RANK/TOP WITHOUT TIES

  • Hopefully someone can set me straight here - I am looking for a way to select the top n items, so long as the n+1th item does NOT have the same value as the nth item.

    Basically, I'm looking for the opposite of:

    SELECT TOP 5 WITH TIES col1

    FROM Mytable

    ORDER BY col1

    If sorting all values of col1 would give these values: 5,4,3,2,1,1,1

    ... then the WITH TIES query above would return 7 rows...

    I'm looking for a query that would return only 4 rows: 5,4,3,2

    Since including all of the 1's would push it over the limit of n rows, I want to exclude ALL rows with this value, not just the one that happens to get sorted first.

    Basically, I want the TOP n, except for when the TOP WITH TIES n will have more than n rows.

    I hope I'm making sense here - as I feel there's got to be a clever way to do this that I'm just not seeing immediately.

    Thanks,

    Brigid

  • Look at the RANK() and DENSE_RANK() window functions.

    http://msdn.microsoft.com/en-us/library/ms176102.aspx

    http://msdn.microsoft.com/en-us/library/ms173825.aspx


    My mantra: No loops! No CURSORs! No RBAR! Hoo-uh![/I]

    My thought question: Have you ever been told that your query runs too fast?

    My advice:
    INDEXing a poor-performing query is like putting sugar on cat food. Yeah, it probably tastes better but are you sure you want to eat it?
    The path of least resistance can be a slippery slope. Take care that fixing your fixes of fixes doesn't snowball and end up costing you more than fixing the root cause would have in the first place.

    Need to UNPIVOT? Why not CROSS APPLY VALUES instead?[/url]
    Since random numbers are too important to be left to chance, let's generate some![/url]
    Learn to understand recursive CTEs by example.[/url]
    [url url=http://www.sqlservercentral.com/articles/St

  • dwain.c (8/28/2012)


    Look at the RANK() and DENSE_RANK() window functions.

    Not sure how RANK() OR DENSE_RANK() would help in this example. I thought a lot about the functions RANK, DENSE_RANK, and ROW_NUMBER and am hoping someone can see something clever that won't necessitate joining on the result of these functions...

    These functions applied to the "col1" data I gave above would give:

    col1rankdenserow_num

    5111

    4222

    3333

    2444

    1555

    1556

    1557

    So basically, I would like something that says something like:

    select where rank <= 5 and the max row_num associated with that rank is also <= 5

    Is there a way to set the assignment of the rank function? So that instead of setting all the tied values to the next integer, it would set it to the maximum row number for that value?

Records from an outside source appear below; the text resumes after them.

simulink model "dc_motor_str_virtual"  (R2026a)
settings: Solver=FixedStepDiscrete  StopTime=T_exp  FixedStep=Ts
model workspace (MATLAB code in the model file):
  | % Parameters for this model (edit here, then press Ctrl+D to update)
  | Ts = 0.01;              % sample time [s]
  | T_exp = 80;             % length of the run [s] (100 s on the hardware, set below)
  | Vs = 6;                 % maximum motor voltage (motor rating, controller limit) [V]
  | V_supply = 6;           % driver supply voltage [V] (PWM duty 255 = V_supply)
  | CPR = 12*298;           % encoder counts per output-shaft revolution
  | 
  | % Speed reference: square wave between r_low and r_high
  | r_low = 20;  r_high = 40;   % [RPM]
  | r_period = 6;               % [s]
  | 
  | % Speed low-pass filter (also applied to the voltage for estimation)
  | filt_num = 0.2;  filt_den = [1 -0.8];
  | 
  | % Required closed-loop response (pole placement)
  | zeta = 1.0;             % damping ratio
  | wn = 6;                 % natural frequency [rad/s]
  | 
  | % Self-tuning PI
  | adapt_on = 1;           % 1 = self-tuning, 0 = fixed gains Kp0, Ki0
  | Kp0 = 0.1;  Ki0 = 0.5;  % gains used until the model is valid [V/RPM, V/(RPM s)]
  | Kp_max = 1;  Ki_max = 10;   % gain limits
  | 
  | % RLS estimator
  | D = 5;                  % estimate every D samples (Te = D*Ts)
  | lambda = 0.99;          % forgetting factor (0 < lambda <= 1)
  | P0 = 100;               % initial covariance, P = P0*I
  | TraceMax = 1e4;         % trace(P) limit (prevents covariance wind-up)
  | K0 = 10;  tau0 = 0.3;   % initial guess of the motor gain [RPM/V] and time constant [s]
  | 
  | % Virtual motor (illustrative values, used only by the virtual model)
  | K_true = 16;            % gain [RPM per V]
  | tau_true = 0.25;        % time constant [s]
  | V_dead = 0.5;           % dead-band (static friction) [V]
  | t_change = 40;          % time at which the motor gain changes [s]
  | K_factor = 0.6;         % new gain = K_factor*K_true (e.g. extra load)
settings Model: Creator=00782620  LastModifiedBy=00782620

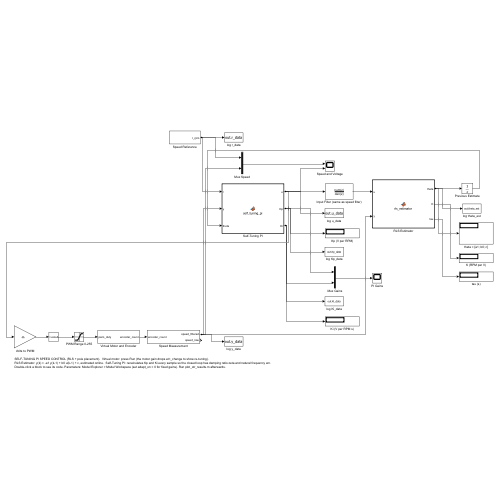
[thumbnail: Simulink's stored preview of the top-level diagram]
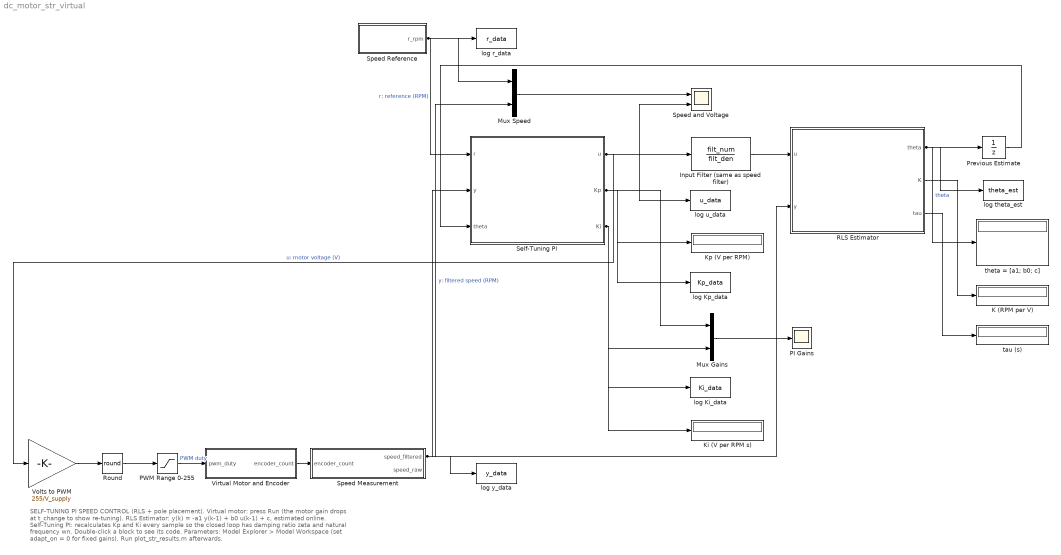
== system dc_motor_str_virtual ==
  note: SELF-TUNING PI SPEED CONTROL (RLS + pole placement).  Virtual motor: press Run (the motor gain drops at t_change to show re-tuning).
      | RLS Estimator: y(k) = -a1 y(k-1) + b0 u(k-1) + c, estimated online.  Self-Tuning PI: recalculates Kp and Ki every sample so the closed loop has damping ratio zeta and natural frequency wn.
      | Double-click a block to see its code. Parameters: Model Explorer > Model Workspace (set adapt_on = 0 for fixed gains). Run plot_str_results.m afterwards.
  Input Filter (same as speed filter) : DiscreteFilter  Numerator=filt_num  Denominator=filt_den  SampleTime=Ts
  K (RPM per V) : Display
  Ki (V per RPM s) : Display
  Kp (V per RPM) : Display
  Mux Gains : Mux  Inputs=2
  Mux Speed : Mux  Inputs=2
  PI Gains : Scope
  PWM Range 0-255 : Saturate  UpperLimit=255  LowerLimit=0
  Previous Estimate : UnitDelay  InitialCondition=[-exp(-D*Ts/tau0); K0*(1 - exp(-D*Ts/tau0)); 0]  SampleTime=Ts
  RLS Estimator : MATLAB Function  TreatAsAtomicUnit=on
  Round : Rounding  Operator=round
  Self-Tuning PI : MATLAB Function  TreatAsAtomicUnit=on
  Speed Measurement : Subsystem
  Speed Reference : Subsystem
  Speed and Voltage : Scope  NumInputPorts=2
  Virtual Motor and Encoder : Subsystem
  Volts to PWM : Gain  Gain=255/V_supply
  log Ki_data : ToWorkspace  VariableName=Ki_data  SampleTime=-1
  log Kp_data : ToWorkspace  VariableName=Kp_data  SampleTime=-1
  log r_data : ToWorkspace  VariableName=r_data  SampleTime=-1
  log theta_est : ToWorkspace  VariableName=theta_est  SampleTime=-1
  log u_data : ToWorkspace  VariableName=u_data  SampleTime=-1
  log y_data : ToWorkspace  VariableName=y_data  SampleTime=-1
  tau (s) : Display
  theta = [a1; b0; c] : Display
  wires:
  Volts to PWM/1 -> Round/1
  Round/1 -> PWM Range 0-255/1
  Speed Measurement/1(speed_filtered) -> Mux Speed/2, RLS Estimator/2(y), log y_data/1, Self-Tuning PI/2(y)  "y: filtered speed (RPM)"
  Self-Tuning PI/1(u) -> Input Filter (same as speed filter)/1, Volts to PWM/1, Speed and Voltage/2, log u_data/1  "u: motor voltage (V)"
  Virtual Motor and Encoder/1(encoder_count) -> Speed Measurement/1(encoder_count)
  PWM Range 0-255/1 -> Virtual Motor and Encoder/1(pwm_duty)  "PWM duty"
  RLS Estimator/1(theta) -> Previous Estimate/1, log theta_est/1, theta = [a1; b0; c]/1  "theta"
  Mux Speed/1 -> Speed and Voltage/1
  Speed Reference/1(r_rpm) -> Self-Tuning PI/1(r), Mux Speed/1, log r_data/1  "r: reference (RPM)"
  Self-Tuning PI/2(Kp) -> Mux Gains/1, Kp (V per RPM)/1, log Kp_data/1
  Self-Tuning PI/3(Ki) -> Ki (V per RPM s)/1, Mux Gains/2, log Ki_data/1
  Input Filter (same as speed filter)/1 -> RLS Estimator/1(u)
  Mux Gains/1 -> PI Gains/1
  RLS Estimator/2(K) -> K (RPM per V)/1
  RLS Estimator/3(tau) -> tau (s)/1
  Previous Estimate/1 -> Self-Tuning PI/3(theta)

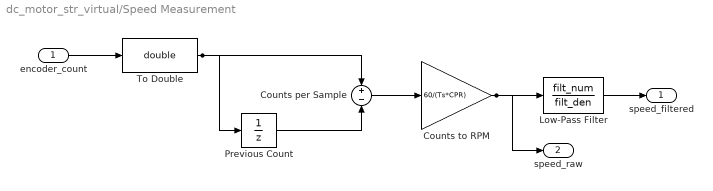
== system dc_motor_str_virtual/Speed Measurement ==
  encoder_count : Inport
  Counts per Sample : Sum  Inputs=+-
  Counts to RPM : Gain  Gain=60/(Ts*CPR)
  Low-Pass Filter : DiscreteFilter  Numerator=filt_num  Denominator=filt_den  SampleTime=Ts
  Previous Count : UnitDelay  SampleTime=Ts
  To Double : DataTypeConversion  OutDataTypeStr=double  SaturateOnIntegerOverflow=off  RndMeth=Floor
  speed_filtered : Outport
  speed_raw : Outport  Port=2
  wires:
  Counts per Sample/1 -> Counts to RPM/1
  encoder_count/1 -> To Double/1
  To Double/1 -> Counts per Sample/1, Previous Count/1
  Previous Count/1 -> Counts per Sample/2
  Counts to RPM/1 -> Low-Pass Filter/1, speed_raw/1
  Low-Pass Filter/1 -> speed_filtered/1

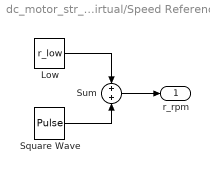
== system dc_motor_str_virtual/Speed Reference ==
  Low : Constant  Value=r_low  SampleTime=Ts
  Square Wave : DiscretePulseGenerator  Amplitude=r_high - r_low  Period=round(r_period/Ts)  PulseWidth=round(r_period/Ts/2)  PhaseDelay=round(r_period/Ts/2)  SampleTime=Ts
  Sum : Sum
  r_rpm : Outport
  wires:
  Low/1 -> Sum/1
  Square Wave/1 -> Sum/2
  Sum/1 -> r_rpm/1

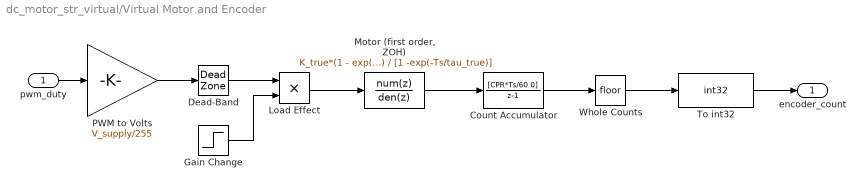
== system dc_motor_str_virtual/Virtual Motor and Encoder ==
  pwm_duty : Inport
  Count Accumulator : DiscreteTransferFcn  Numerator=[CPR*Ts/60 0]  Denominator=[1 -1]  SampleTime=Ts
  Dead-Band : DeadZone  LowerValue=-V_dead  UpperValue=V_dead
  Gain Change : Step  Time=t_change  InitialValue=1  FinalValue=K_factor  SampleTime=Ts
  Load Effect : Product
  "Motor (first order, ZOH)" : DiscreteTransferFcn  Numerator=K_true*(1 - exp(-Ts/tau_true))  Denominator=[1 -exp(-Ts/tau_true)]  SampleTime=Ts
  PWM to Volts : Gain  Gain=V_supply/255
  To int32 : DataTypeConversion  OutDataTypeStr=int32  SaturateOnIntegerOverflow=off  RndMeth=Floor
  Whole Counts : Rounding
  encoder_count : Outport
  wires:
  pwm_duty/1 -> PWM to Volts/1
  Dead-Band/1 -> Load Effect/1
  PWM to Volts/1 -> Dead-Band/1
  Gain Change/1 -> Load Effect/2
  Load Effect/1 -> "Motor (first order, ZOH)"/1
  "Motor (first order, ZOH)"/1 -> Count Accumulator/1
  Count Accumulator/1 -> Whole Counts/1
  Whole Counts/1 -> To int32/1
  To int32/1 -> encoder_count/1

== matlab function dc_motor_str_virtual/RLS Estimator ==
  data: u input; theta output; y input; K output; tau output; Ts parameter; D parameter; lambda parameter; P0 parameter; TraceMax parameter; K0 parameter; tau0 parameter
function [theta, K, tau] = rls_estimator(u, y, Ts, D, lambda, P0, TraceMax, K0, tau0)
% Recursive least squares (RLS) estimate of a first-order DC motor model
%
%   y(k) = -a1*y(k-1) + b0*u(k-1) + c,    theta = [a1; b0; c]
%   G(z) = b0/(z + a1),  K = b0/(1 + a1),  tau = -Te/ln(-a1),  Te = D*Ts
%   c is a constant term that accounts for the motor dead-band (friction).
%
%   At each estimation step:
%     phi   = [-y(k-1); u(k-1); 1]              regressor
%     e     = y(k) - phi'*theta                  prediction error
%     L     = P*phi/(lambda + phi'*P*phi)        gain vector
%     theta = theta + L*e                        update the estimate
%     P     = (P - L*phi'*P)/lambda              update the covariance
%
%   The estimate starts from an initial guess (K0, tau0). lambda < 1 lets the
%   estimate follow changes in the motor; lambda is set to 1 whenever
%   trace(P) exceeds TraceMax, to prevent covariance wind-up.
%
%   u     motor voltage [V] (passed through the same filter as the speed)
%   y     filtered motor speed [RPM]

persistent th P count uSum yPrev
if isempty(th)
    p0 = exp(-D*Ts/tau0);
    th = [-p0; K0*(1 - p0); 0];  % initial guess [a1; b0; c]
    P = P0*eye(3);             % covariance matrix
    count = D - 1;             % first estimation step at k = 0
    uSum = 0;                  % sum of u over the current interval
    yPrev = 0;                 % y at the previous estimation step
end
u = double(u);
y = double(y);

count = count + 1;
if count >= D
    uAvg = uSum/D;                       % average input over the interval
    phi = [-yPrev; uAvg; 1];             % regressor
    e = y - phi'*th;                     % prediction error
    Pphi = P*phi;
    lam = lambda;
    if trace(P) > TraceMax               % anti wind-up
        lam = 1;
    end
    L = Pphi/(lam + phi'*Pphi);          % gain vector
    th = th + L*e;                       % update the estimate
    P = (P - L*Pphi')/lam;               % update the covariance
    P = (P + P')/2;                      % keep P symmetric
    yPrev = y;
    uSum = u;                            % start the next interval
    count = 0;
else
    uSum = uSum + u;
end

theta = th;
K = 0;  tau = 0;
if abs(1 + th(1)) > 1e-9
    K = th(2)/(1 + th(1));
end
if -th(1) > 0 && -th(1) < 1
    tau = -D*Ts/log(-th(1));
end
end

== matlab function dc_motor_str_virtual/Self-Tuning PI ==
  data: r input; u output; y input; theta input; Kp output; Ki output; Ts parameter; D parameter; zeta parameter; wn parameter; Vs parameter; adapt_on parameter; Kp0 parameter; Ki0 parameter; Kp_max parameter; Ki_max parameter
function [u, Kp, Ki] = self_tuning_pi(r, y, theta, Ts, D, zeta, wn, Vs, adapt_on, Kp0, Ki0, Kp_max, Ki_max)
% Self-tuning PI speed controller (pole placement from the RLS model)
%
%   theta = [a1; b0; c] is the latest RLS model, estimated every D samples
%   (Te = D*Ts):  y(k) = -a1*y(k-1) + b0*u(k-1) + c
%
%   1. Convert the model to the control sample time Ts:
%        K = b0/(1 + a1),  p = (-a1)^(1/D),  G(z) = K*(1 - p)/(z - p)
%   2. PI controller:  C(z) = (q0*z + q1)/(z - 1),
%        q0 = Kp + Ki*Ts,  q1 = -Kp
%   3. Closed-loop characteristic equation:
%        (z - 1)(z - p) + K(1 - p)(q0*z + q1) = z^2 + p1*z + p2
%      where the required poles come from zeta and wn:
%        p1 = -2*exp(-zeta*wn*Ts)*cos(wn*Ts*sqrt(1 - zeta^2)),
%        p2 = exp(-2*zeta*wn*Ts)
%      Equating coefficients:
%        q0 = (p1 + 1 + p)/(K(1 - p)),   q1 = (p2 - p)/(K(1 - p))
%   4. Control law (velocity form, with anti-windup by clamping):
%        u(k) = u(k-1) + q0*e(k) + q1*e(k-1),   0 <= u <= Vs
%
%   The gains are only updated when the model is physically sensible
%   (0 < p < 1 and K > 0); otherwise the previous gains are kept.
%   adapt_on = 0 uses the fixed gains Kp0 and Ki0 (for comparison).

persistent uPrev ePrev KpS KiS
if isempty(uPrev)
    uPrev = 0;  ePrev = 0;  KpS = Kp0;  KiS = Ki0;
end

% ---- 1-3. recalculate the PI gains from the model ----
if adapt_on > 0
    a1 = theta(1);  b0 = theta(2);
    pe = -a1;                                % pole at the estimation rate
    if pe > 0 && pe < 1 && abs(1 + a1) > 1e-9
        K = b0/(1 + a1);                     % gain [RPM/V]
        p = pe^(1/D);                        % pole at the control rate
        if K > 0
            bs = K*(1 - p);
            if zeta < 1
                p1 = -2*exp(-zeta*wn*Ts)*cos(wn*Ts*sqrt(1 - zeta^2));
            else
                p1 = -2*exp(-zeta*wn*Ts)*cosh(wn*Ts*sqrt(zeta^2 - 1));
            end
            p2 = exp(-2*zeta*wn*Ts);
            q0 = (p1 + 1 + p)/bs;
            q1 = (p2 - p)/bs;
            KpS = min(max(-q1, 0), Kp_max);
            KiS = min(max((q0 + q1)/Ts, 0), Ki_max);
        end
    end
else
    KpS = Kp0;  KiS = Ki0;
end

% ---- 4. PI control law (velocity form) ----
e = r - double(y);
u = uPrev + (KpS + KiS*Ts)*e - KpS*ePrev;
u = min(max(u, 0), Vs);                     % actuator limits (anti-windup)
uPrev = u;
ePrev = e;
Kp = KpS;
Ki = KiS;
end

    My ideal MYRANK function would give

    col1myrank

    51

    42

    33

    24

    17

    17

    17

    Then I could just SELECT col1 WHERE myrank <= 5.

    I feel like there's got to be a simple explanation that I'm just not seeing... all help is greatly appreciated!

  • This is pretty simple using Row_Number. Please notice how I posted sample data to make this a lot easier for anybody else. You should do something similar in your future posts.

    ;with MyRank (col1)

    as

    (

    select 5 union all

    select 4 union all

    select 3 union all

    select 2 union all

    select 1 union all

    select 1 union all

    select 1

    )

    select col1, MAX(RowNum) as MaxRowNum

    from

    (

    select col1, ROW_NUMBER() over (order by col1 desc) as RowNum

    from MyRank

    ) x

    group by col1

    having Max(RowNum) <= 5

    order by col1 desc

    Or for those who would prefer cacading ctes, you can modify it like this.

    ;with MyRank (col1)

    as

    (

    select 5 union all

    select 4 union all

    select 3 union all

    select 2 union all

    select 1 union all

    select 1 union all

    select 1

    )

    , MaxRank as

    (

    select col1, ROW_NUMBER() over (order by col1 desc) as RowNum

    from MyRank

    )

    select col1, MAX(RowNum) as MaxRowNum

    from MaxRank

    group by col1

    having Max(RowNum) <= 5

    order by col1 desc

    _______________________________________________________________

    Need help? Help us help you.

    Read the article at http://www.sqlservercentral.com/articles/Best+Practices/61537/ for best practices on asking questions.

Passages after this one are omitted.